## The task
Only the lines below starting at the one that contains "#20=DIRECTION('',(-1.,0.,0.));" and ending at the one that contains "#40=EDGE_CURVE('E11',#39,#31,#37,.T.);" are to be reproduced, exactly and with both ends kept.

----- Record extracts

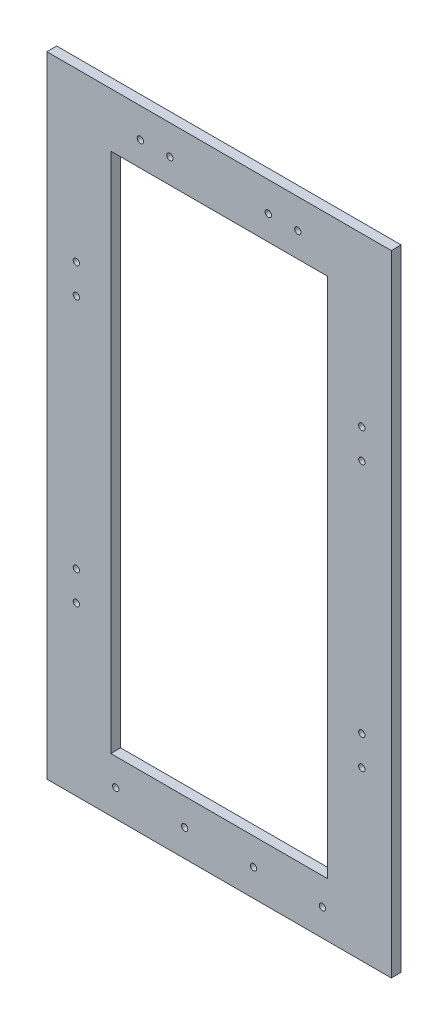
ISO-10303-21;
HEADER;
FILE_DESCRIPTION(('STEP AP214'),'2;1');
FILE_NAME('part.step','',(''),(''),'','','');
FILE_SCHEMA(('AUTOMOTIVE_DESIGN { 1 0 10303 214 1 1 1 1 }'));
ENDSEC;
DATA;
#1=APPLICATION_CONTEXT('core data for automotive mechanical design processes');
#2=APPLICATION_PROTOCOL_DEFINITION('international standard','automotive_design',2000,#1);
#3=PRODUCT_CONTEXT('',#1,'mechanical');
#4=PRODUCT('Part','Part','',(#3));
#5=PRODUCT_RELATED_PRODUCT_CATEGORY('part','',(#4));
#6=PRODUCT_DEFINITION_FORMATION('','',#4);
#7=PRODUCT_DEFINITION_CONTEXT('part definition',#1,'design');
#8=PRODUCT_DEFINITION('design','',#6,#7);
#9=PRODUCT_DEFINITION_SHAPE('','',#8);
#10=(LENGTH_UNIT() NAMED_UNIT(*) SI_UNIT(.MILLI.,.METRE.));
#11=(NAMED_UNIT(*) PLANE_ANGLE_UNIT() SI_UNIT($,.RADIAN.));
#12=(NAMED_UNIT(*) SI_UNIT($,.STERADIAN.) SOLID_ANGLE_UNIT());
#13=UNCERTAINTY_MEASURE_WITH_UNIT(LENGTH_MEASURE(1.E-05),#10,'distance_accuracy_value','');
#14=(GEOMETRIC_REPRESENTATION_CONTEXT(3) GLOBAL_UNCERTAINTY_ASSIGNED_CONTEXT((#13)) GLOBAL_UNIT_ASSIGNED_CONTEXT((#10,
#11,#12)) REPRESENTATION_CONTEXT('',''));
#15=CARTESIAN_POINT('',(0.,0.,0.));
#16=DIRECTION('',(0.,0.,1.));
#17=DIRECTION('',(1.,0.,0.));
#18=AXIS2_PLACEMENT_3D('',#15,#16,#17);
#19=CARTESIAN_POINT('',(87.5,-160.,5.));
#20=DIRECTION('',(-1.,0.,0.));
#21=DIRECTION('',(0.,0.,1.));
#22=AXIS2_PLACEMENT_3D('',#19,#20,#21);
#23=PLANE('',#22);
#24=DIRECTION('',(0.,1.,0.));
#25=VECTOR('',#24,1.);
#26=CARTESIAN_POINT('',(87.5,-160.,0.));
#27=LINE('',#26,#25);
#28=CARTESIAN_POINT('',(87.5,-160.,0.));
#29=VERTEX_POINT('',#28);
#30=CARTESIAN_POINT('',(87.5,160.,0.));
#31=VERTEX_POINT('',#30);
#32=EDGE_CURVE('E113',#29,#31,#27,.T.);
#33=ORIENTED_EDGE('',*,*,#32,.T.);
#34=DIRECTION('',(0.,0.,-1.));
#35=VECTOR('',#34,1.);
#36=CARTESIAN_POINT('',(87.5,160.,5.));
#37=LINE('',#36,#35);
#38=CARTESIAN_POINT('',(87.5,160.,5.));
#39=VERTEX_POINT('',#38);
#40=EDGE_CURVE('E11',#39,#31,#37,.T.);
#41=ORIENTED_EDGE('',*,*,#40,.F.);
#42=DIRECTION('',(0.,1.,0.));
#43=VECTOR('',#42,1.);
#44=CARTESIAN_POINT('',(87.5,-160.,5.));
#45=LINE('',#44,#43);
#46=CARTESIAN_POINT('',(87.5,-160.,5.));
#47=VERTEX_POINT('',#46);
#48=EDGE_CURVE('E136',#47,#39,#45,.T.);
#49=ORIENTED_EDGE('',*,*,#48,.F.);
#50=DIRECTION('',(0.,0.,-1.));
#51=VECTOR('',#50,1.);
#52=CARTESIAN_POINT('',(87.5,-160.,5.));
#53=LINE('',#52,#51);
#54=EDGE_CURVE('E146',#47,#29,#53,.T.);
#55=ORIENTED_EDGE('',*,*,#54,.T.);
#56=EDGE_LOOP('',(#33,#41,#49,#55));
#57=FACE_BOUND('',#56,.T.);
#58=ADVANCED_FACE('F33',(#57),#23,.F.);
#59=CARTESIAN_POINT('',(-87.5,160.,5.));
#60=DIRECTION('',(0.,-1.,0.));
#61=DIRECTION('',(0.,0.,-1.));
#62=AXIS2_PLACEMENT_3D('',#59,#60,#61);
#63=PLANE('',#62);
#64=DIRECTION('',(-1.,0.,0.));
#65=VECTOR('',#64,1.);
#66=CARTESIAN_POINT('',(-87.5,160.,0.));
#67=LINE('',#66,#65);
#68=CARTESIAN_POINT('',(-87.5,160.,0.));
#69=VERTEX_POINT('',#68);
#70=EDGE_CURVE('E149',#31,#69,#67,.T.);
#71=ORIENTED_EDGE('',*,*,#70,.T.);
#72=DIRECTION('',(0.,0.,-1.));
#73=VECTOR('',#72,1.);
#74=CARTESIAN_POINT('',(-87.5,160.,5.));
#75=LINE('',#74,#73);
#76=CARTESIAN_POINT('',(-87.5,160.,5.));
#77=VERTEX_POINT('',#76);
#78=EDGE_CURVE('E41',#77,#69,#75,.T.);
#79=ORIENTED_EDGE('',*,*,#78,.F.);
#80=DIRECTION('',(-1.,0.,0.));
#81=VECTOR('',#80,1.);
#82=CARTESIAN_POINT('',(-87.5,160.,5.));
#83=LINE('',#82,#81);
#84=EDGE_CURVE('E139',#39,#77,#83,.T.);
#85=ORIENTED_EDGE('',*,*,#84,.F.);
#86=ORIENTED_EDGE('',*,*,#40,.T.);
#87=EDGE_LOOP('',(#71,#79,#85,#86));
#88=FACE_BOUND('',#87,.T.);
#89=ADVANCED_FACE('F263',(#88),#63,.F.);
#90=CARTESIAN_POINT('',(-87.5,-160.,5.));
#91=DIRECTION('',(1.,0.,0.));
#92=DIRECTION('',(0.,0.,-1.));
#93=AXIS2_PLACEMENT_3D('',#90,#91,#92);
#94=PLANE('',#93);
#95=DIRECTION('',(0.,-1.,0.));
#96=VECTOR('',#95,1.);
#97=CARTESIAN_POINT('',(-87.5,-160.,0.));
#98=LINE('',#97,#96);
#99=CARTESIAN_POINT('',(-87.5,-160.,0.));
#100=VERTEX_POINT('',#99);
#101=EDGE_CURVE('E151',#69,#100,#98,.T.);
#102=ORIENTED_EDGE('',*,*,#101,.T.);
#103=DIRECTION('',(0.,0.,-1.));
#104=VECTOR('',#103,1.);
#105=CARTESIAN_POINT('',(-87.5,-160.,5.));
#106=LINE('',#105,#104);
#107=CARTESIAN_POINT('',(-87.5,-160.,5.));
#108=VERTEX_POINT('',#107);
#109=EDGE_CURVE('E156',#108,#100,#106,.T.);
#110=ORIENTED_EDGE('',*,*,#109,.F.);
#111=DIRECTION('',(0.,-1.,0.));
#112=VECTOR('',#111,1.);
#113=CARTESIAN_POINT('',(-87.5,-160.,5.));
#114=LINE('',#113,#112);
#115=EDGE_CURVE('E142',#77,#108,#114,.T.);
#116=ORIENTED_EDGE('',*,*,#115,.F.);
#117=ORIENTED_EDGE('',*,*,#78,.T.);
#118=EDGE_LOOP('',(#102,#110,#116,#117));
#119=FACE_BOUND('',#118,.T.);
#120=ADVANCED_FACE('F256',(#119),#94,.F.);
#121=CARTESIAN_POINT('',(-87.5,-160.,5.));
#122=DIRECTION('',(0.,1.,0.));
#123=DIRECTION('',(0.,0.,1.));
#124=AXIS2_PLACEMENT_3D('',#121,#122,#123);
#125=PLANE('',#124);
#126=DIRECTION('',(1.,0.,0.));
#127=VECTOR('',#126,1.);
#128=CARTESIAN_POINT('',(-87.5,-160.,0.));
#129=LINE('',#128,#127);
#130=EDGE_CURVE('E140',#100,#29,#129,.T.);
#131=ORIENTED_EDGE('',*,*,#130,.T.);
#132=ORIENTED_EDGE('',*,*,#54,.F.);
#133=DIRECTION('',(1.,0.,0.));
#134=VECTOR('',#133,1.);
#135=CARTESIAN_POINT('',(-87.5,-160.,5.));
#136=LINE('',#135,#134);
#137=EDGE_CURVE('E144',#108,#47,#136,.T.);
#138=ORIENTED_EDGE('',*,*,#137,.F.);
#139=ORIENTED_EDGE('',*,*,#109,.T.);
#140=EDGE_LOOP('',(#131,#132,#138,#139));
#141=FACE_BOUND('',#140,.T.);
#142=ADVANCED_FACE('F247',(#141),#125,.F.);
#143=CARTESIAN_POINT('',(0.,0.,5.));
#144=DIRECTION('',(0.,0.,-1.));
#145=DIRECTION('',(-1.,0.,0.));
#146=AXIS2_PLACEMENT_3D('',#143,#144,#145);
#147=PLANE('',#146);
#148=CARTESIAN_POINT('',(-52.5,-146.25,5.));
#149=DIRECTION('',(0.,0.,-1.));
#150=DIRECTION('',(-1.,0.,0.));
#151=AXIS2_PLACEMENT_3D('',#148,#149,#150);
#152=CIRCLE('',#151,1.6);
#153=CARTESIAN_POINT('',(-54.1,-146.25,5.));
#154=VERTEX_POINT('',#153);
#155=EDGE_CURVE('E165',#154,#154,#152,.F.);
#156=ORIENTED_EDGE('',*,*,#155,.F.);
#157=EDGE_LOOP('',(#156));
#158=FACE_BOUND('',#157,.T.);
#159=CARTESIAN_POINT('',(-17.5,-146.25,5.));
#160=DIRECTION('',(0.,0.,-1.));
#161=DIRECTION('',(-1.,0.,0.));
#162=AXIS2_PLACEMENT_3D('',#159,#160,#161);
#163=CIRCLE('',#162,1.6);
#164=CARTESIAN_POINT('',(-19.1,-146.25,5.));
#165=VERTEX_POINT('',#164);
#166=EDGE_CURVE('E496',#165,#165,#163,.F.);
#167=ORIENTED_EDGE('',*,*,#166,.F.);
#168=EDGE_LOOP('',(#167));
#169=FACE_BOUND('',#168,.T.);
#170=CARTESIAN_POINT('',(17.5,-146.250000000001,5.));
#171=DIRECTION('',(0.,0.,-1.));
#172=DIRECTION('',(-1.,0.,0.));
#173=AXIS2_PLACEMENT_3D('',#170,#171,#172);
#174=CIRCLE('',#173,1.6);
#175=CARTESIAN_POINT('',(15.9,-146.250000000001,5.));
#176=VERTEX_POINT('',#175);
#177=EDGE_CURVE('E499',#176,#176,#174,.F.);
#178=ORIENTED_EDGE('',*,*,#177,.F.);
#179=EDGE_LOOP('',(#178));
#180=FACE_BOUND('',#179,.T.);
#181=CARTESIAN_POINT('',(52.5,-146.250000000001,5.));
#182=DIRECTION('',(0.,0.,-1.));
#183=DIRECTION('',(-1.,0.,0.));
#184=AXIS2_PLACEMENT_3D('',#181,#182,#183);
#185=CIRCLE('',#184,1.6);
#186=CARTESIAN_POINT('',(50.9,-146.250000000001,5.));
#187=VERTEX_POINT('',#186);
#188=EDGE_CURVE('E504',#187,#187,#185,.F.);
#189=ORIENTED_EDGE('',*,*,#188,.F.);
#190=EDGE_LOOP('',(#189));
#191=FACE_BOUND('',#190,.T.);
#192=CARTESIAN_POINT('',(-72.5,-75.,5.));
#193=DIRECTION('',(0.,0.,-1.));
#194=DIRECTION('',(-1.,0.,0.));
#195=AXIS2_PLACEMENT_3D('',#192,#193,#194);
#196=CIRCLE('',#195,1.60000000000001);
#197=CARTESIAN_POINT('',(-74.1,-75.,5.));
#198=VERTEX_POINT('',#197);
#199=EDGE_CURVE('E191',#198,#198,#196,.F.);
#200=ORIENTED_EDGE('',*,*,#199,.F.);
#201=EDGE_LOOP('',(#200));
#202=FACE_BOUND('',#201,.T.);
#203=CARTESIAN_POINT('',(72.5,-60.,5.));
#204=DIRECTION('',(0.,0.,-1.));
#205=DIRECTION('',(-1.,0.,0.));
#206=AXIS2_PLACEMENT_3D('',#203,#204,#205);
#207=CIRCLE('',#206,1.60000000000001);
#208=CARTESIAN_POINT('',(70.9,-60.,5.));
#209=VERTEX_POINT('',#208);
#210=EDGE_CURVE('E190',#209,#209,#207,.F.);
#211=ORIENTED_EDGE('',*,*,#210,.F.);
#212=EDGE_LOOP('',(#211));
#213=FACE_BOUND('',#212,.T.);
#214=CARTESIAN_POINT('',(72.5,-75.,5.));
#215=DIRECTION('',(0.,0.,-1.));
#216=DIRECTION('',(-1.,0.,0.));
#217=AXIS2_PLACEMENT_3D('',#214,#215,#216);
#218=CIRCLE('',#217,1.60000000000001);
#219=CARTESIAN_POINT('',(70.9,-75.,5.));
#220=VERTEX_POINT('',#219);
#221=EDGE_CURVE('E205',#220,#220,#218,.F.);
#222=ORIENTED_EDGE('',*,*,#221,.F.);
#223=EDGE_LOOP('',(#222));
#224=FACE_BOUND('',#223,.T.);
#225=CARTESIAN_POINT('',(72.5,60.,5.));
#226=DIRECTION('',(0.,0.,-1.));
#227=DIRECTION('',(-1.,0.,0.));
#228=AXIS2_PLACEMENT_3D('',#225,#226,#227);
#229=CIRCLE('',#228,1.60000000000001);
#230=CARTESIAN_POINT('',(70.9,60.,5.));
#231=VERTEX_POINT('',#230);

----------

## Answer to this problem
#20=DIRECTION('',(-1.,0.,0.));
#21=DIRECTION('',(0.,0.,1.));
#22=AXIS2_PLACEMENT_3D('',#19,#20,#21);
#23=PLANE('',#22);
#24=DIRECTION('',(0.,1.,0.));
#25=VECTOR('',#24,1.);
#26=CARTESIAN_POINT('',(87.5,-160.,0.));
#27=LINE('',#26,#25);
#28=CARTESIAN_POINT('',(87.5,-160.,0.));
#29=VERTEX_POINT('',#28);
#30=CARTESIAN_POINT('',(87.5,160.,0.));
#31=VERTEX_POINT('',#30);
#32=EDGE_CURVE('E113',#29,#31,#27,.T.);
#33=ORIENTED_EDGE('',*,*,#32,.T.);
#34=DIRECTION('',(0.,0.,-1.));
#35=VECTOR('',#34,1.);
#36=CARTESIAN_POINT('',(87.5,160.,5.));
#37=LINE('',#36,#35);
#38=CARTESIAN_POINT('',(87.5,160.,5.));
#39=VERTEX_POINT('',#38);
#40=EDGE_CURVE('E11',#39,#31,#37,.T.);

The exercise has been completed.